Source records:
-=-=-

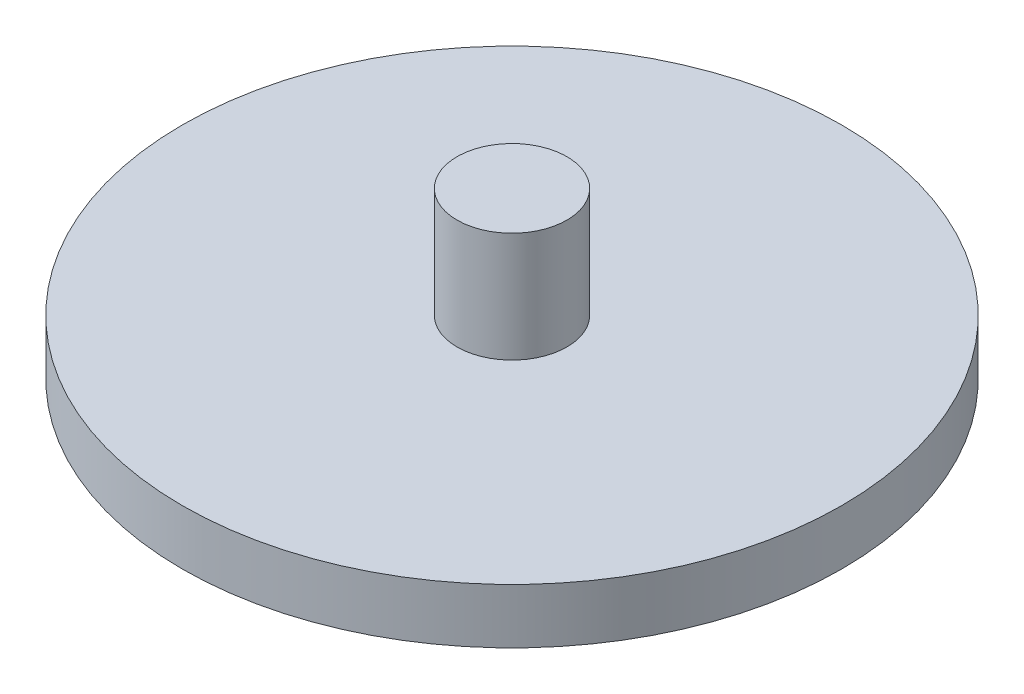
SolidWorks part; units mm, degrees
ref_plane "Front Plane" through (0, 0, 0) normal (0, 0, 1) x (1, 0, 0)
ref_plane "Top Plane" through (0, 0, 0) normal (0, 1, 0) x (1, 0, 0)
ref_plane "Right Plane" through (0, 0, 0) normal (1, 0, 0) x (0, 0, -1)
sketch "Sketch1" plane through (0, 0, 0) normal (0, 1, 0) x (1, 0, 0)
  circle A0 centre (0, 0) radius 25.4
  dimension "D1" = 50.8
extrude "Boss-Extrude1" add sketch "Sketch1" along normal blind 50.8
sketch "Sketch2" plane through (0, 0, 0) normal (0, -1, 0) x (1, 0, 0)
  circle A0 centre (0, 0) radius 152.4
  dimension "D1" = 304.8
extrude "Boss-Extrude2" add sketch "Sketch2" along normal blind 25.4
sketch "Sketch3" plane through (0, -25.4, 0) normal (0, -1, 0) x (1, 0, 0)
  line L0 (-63.5, 0) -> (63.5, 0)
  line L1 (27.94, 0) -> (-27.94, 0) construction
  line L2 (0, -27.94) -> (0, 27.94) construction
  line L3 (-63.5, -27.94) -> (-63.5, 27.94)
  line L4 (-63.5, 27.94) -> (63.5, 27.94)
  line L5 (63.5, 27.94) -> (63.5, -3.2168)
  line L6 (63.5, -27.94) -> (63.5, 3.2168)
  line L7 (-63.5, -27.94) -> (63.5, -27.94)
  point P8 (0, 0)
  dimension "D1" = 55.88
  dimension "D2" = 127
extrude "Boss-Extrude3" add sketch "Sketch3" along normal blind 55.88 contours L5 L4 L3 L0 | L3 L7 L6 L5 L0 region at (0, -25.4, 13.97) region at (0, -25.4, -13.97)
sketch "Sketch4" plane through (-63.5, 0, 0) normal (-1, 0, 0) x (0, 0, 1)
  line L0 (-27.94, -25.4) -> (27.94, -81.28)
  circle A0 centre (0, -53.34) radius 20.32
extrude "Cut-Extrude1" cut sketch "Sketch4" against normal through all contours A0

-=-=-

Each line of the records that holds the word "contours" should be copied out.

extrude "Boss-Extrude3" add sketch "Sketch3" along normal blind 55.88 contours L5 L4 L3 L0 | L3 L7 L6 L5 L0 region at (0, -25.4, 13.97) region at (0, -25.4, -13.97)
extrude "Cut-Extrude1" cut sketch "Sketch4" against normal through all contours A0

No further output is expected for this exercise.